Methods: Publicly available data sets were identified for possible inclusion in the sample. Criteria for selection were: self-report survey, nationally representative population, inclusion of older adults (65+), and survey content covering at least one area of activity recognized in the literature (e.g. physical activity, volunteering). Additionally, each data set should contain global measures of health and wellness (e.g. life satisfaction, well being) suitable for modeling outcomes of activity participation. Five data sets were identified for inclusion in the final data set: American Changing Lives Study (ACL), Health and Retirement Study (HRS), Midlife in the United States (MIDUS), National Health Interview Survey (NHIS), Panel Study of Income Dynamics (PSID). From these, the most recent two waves were analyzed. Content analysis was used to identify activity measures within these data sets. Measures were categorized according to rules that had been developed during pilot work, and descriptive statistics were generated to facilitate comparison.

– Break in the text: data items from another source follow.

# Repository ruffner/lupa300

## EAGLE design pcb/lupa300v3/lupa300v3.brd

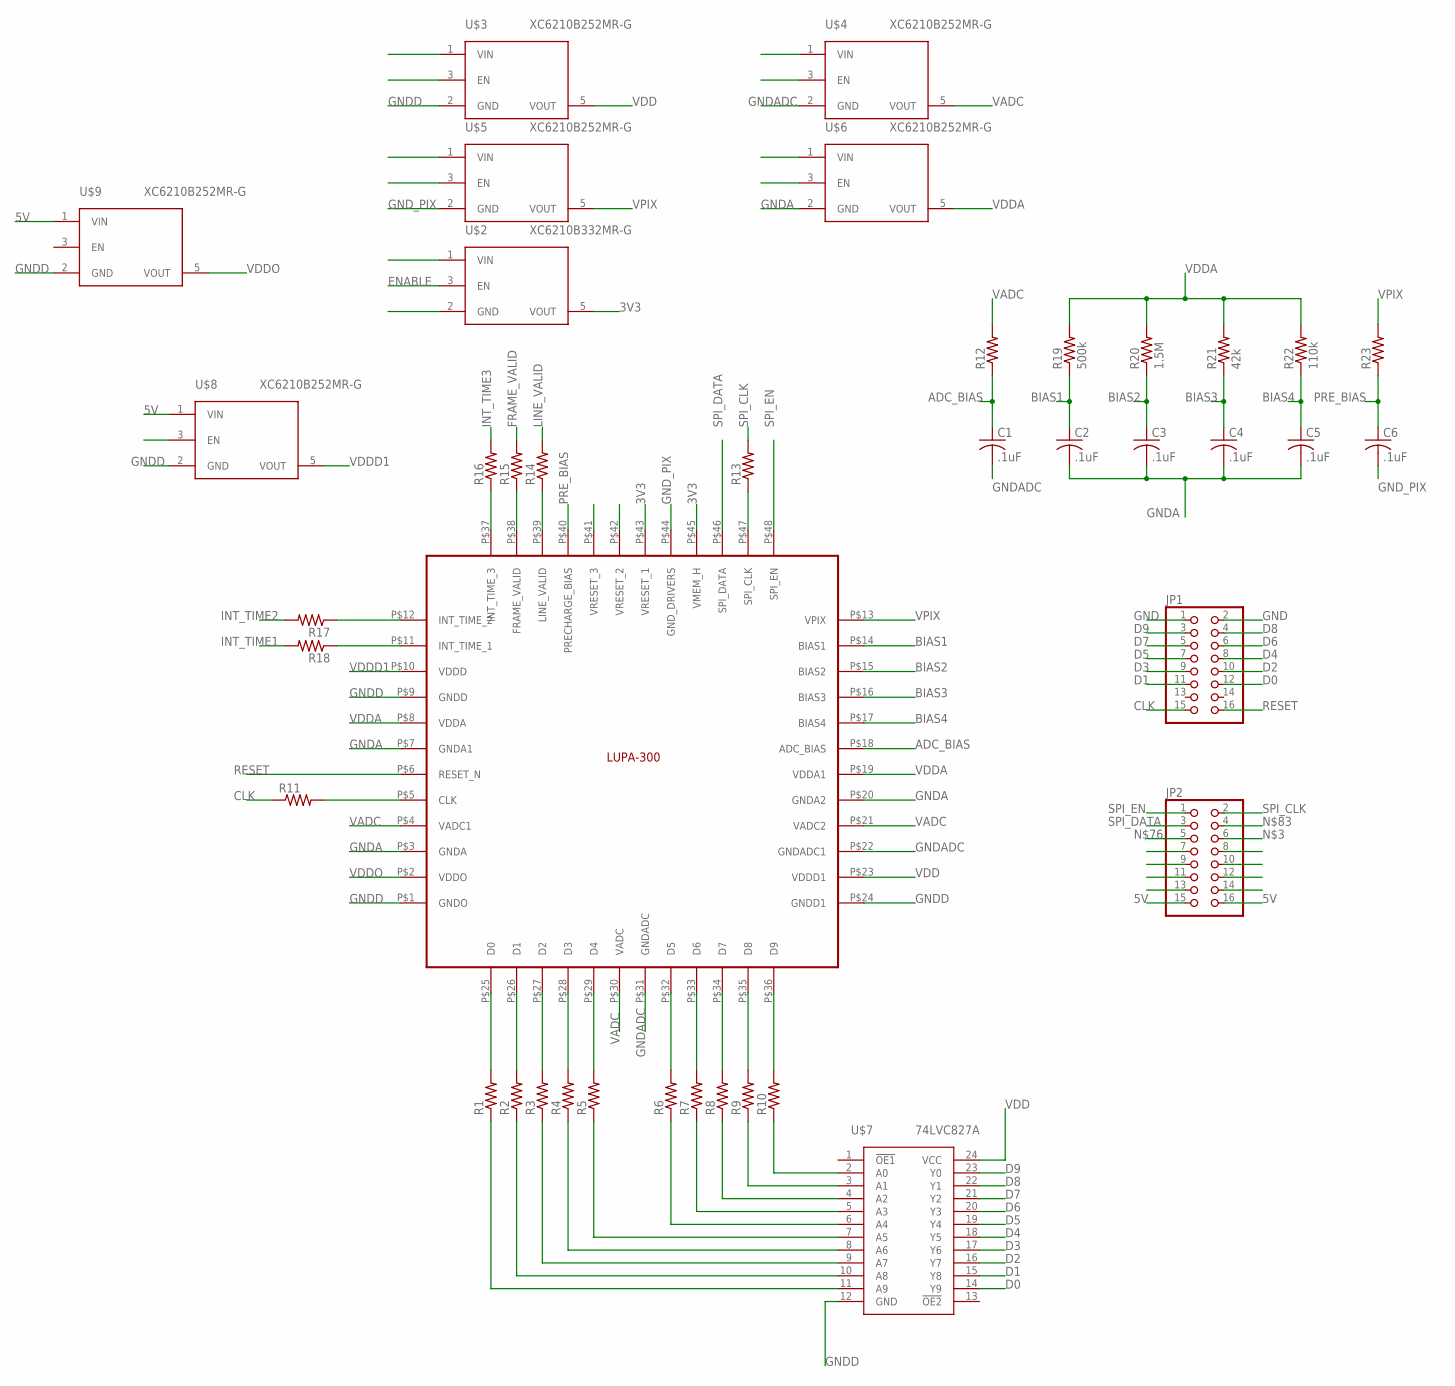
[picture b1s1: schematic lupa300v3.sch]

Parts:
C1, C2, C3, C4, C5, C6: .1uF; C0603K
JP1, JP2: PINHD-2X8; 2X08
R1, R2, R3, R4, R5, R6, R7, R8, R9, R10, R11, R12, R13, R14, R15, R16, R17, R18, R23: R-US_R0603; R0603
R19: 500k; R0603
R20: 1.5M; R0603
R21: 42k; R0603
R22: 110k; R0603
U$1: LUPA300
U$2: XC6210B332MR-G; SOT25
U$3, U$4, U$5, U$6, U$8, U$9: XC6210B252MR-G; SOT25
U$7: 74LVC827A; TSSOP24

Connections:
3V3: U$1.P$43 (VRESET_1), U$1.P$45 (VMEM_H), U$2.5 (VOUT)
5V: JP2.15, JP2.16, U$2.1 (VIN), U$3.1 (VIN), U$4.1 (VIN), U$5.1 (VIN), U$6.1 (VIN), U$8.1 (VIN), U$9.1 (VIN)
ADC_BIAS: C1.1, R12.1, U$1.P$18 (ADC_BIAS)
BIAS1: C2.1, R19.1, U$1.P$14 (BIAS1)
BIAS2: C3.1, R20.1, U$1.P$15 (BIAS2)
BIAS3: C4.1, R21.1, U$1.P$16 (BIAS3)
BIAS4: C5.1, R22.1, U$1.P$17 (BIAS4)
CLK: JP1.15, R11.1
D0: JP1.12, U$7.14 (Y9)
D1: JP1.11, U$7.15 (Y8)
D2: JP1.10, U$7.16 (Y7)
D3: JP1.9, U$7.17 (Y6)
D4: JP1.8, U$7.18 (Y5)
D5: JP1.7, U$7.19 (Y4)
D6: JP1.6, U$7.20 (Y3)
D7: JP1.5, U$7.21 (Y2)
D8: JP1.4, U$7.22 (Y1)
D9: JP1.3, U$7.23 (Y0)
ENABLE: U$2.3 (EN), U$3.3 (EN), U$4.3 (EN), U$5.3 (EN), U$6.3 (EN)
FRAME_VALID: R15.2
GND: JP1.1, JP1.2
GNDA: C2.2, C3.2, C4.2, C5.2, U$1.P$3 (GNDA), U$1.P$7 (GNDA1), U$1.P$20 (GNDA2), U$6.2 (GND)
GNDADC: C1.2, U$1.P$22 (GNDADC1), U$1.P$31 (GNDADC), U$4.2 (GND)
GNDD: U$1.P$1 (GNDO), U$1.P$9 (GNDD), U$1.P$24 (GNDD1), U$3.2 (GND), U$7.12 (GND), U$8.2 (GND), U$9.2 (GND)
GND_PIX: C6.2, U$1.P$44 (GND_DRIVERS), U$5.2 (GND)
INT1: R18.1, U$1.P$11 (INT_TIME_1)
INT2: R17.1, U$1.P$12 (INT_TIME_2)
INT_TIME1: R18.2
INT_TIME2: R17.2
INT_TIME3: R16.2
LINE_VALID: R14.2
unnamed: R1.2, U$1.P$25 (D0)
unnamed: R2.2, U$1.P$26 (D1)
unnamed: R3.2, U$1.P$27 (D2)
unnamed: R4.2, U$1.P$28 (D3)
unnamed: R5.2, U$1.P$29 (D4)
unnamed: R6.2, U$1.P$32 (D5)
unnamed: R7.2, U$1.P$33 (D6)
unnamed: R8.2, U$1.P$34 (D7)
unnamed: R9.2, U$1.P$35 (D8)
unnamed: R10.2, U$1.P$36 (D9)
unnamed: R11.2, U$1.P$5 (CLK)
unnamed: R13.1, U$1.P$47 (SPI_CLK)
unnamed: R14.1, U$1.P$39 (LINE_VALID)
unnamed: R15.1, U$1.P$38 (FRAME_VALID)
unnamed: R16.1, U$1.P$37 (INT_TIME_3)
unnamed: R10.1, U$7.2 (A0)
unnamed: R9.1, U$7.3 (A1)
unnamed: R8.1, U$7.4 (A2)
unnamed: R7.1, U$7.5 (A3)
unnamed: R6.1, U$7.6 (A4)
unnamed: R5.1, U$7.7 (A5)
unnamed: R4.1, U$7.8 (A6)
unnamed: R3.1, U$7.9 (A7)
unnamed: R2.1, U$7.10 (A8)
unnamed: R1.1, U$7.11 (A9)
PRE_BIAS: C6.1, R23.1, U$1.P$40 (PRECHARGE_BIAS)
RESET: JP1.16, U$1.P$6 (RESET_N)
SPI_CLK: JP2.2, R13.2
SPI_DATA: JP2.3, U$1.P$46 (SPI_DATA)
SPI_EN: JP2.1, U$1.P$48 (SPI_EN)
VADC: R12.2, U$1.P$4 (VADC1), U$1.P$21 (VADC2), U$1.P$30 (VADC), U$4.5 (VOUT)
VDD: U$1.P$23 (VDDD1), U$3.5 (VOUT), U$7.24 (VCC)
VDDA: R19.2, R20.2, R21.2, R22.2, U$1.P$8 (VDDA), U$1.P$19 (VDDA1), U$6.5 (VOUT)
VDDD1: U$1.P$10 (VDDD), U$8.5 (VOUT)
VDDO: U$1.P$2 (VDDO), U$9.5 (VOUT)
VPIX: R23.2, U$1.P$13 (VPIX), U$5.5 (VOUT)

Results: The number of activity measures per data set ranged from 41 (HRS 2007) to 165 (MIDUS 2004/2006). Measurement type varied between different data sets and within waves of the same data set. Ten activity types or domains were identified across data sets. The three data sets with the most domains were MIDUS (n=10), HRS (n=9) and ACL (n=9). Employment/paid work and physical activity were the only domains present in all five data sets. Predominant measurement type varied across data sets and between waves of the same data set. Binary, ordinal and interval were the most common measurement types. For example, HRS 2008 has mostly ordinal (65%) and HRS 2007 Activity supplement has mostly interval (68%) activity variables. In MIDUS 1994/95, the greatest proportion of variables is binary (44%), while in 2004-2006, 59% are ordinal.
Conclusions and Implications: There is substantial variation in the number and type of activity measures in the five public use data sets we evaluated. Even when content is consistent across data sets, method of measuring often is not – where one survey uses an ordinal measure, another uses a continuous or dichotomous measure. Despite these differences, some areas of consistency were identified. We believe that to advance research on activities and older adults, a more consistent means of empirically measuring activity must be developed. Future work will focus on evaluating the potential for empirically evaluating and consolidating activity measures across these data sets.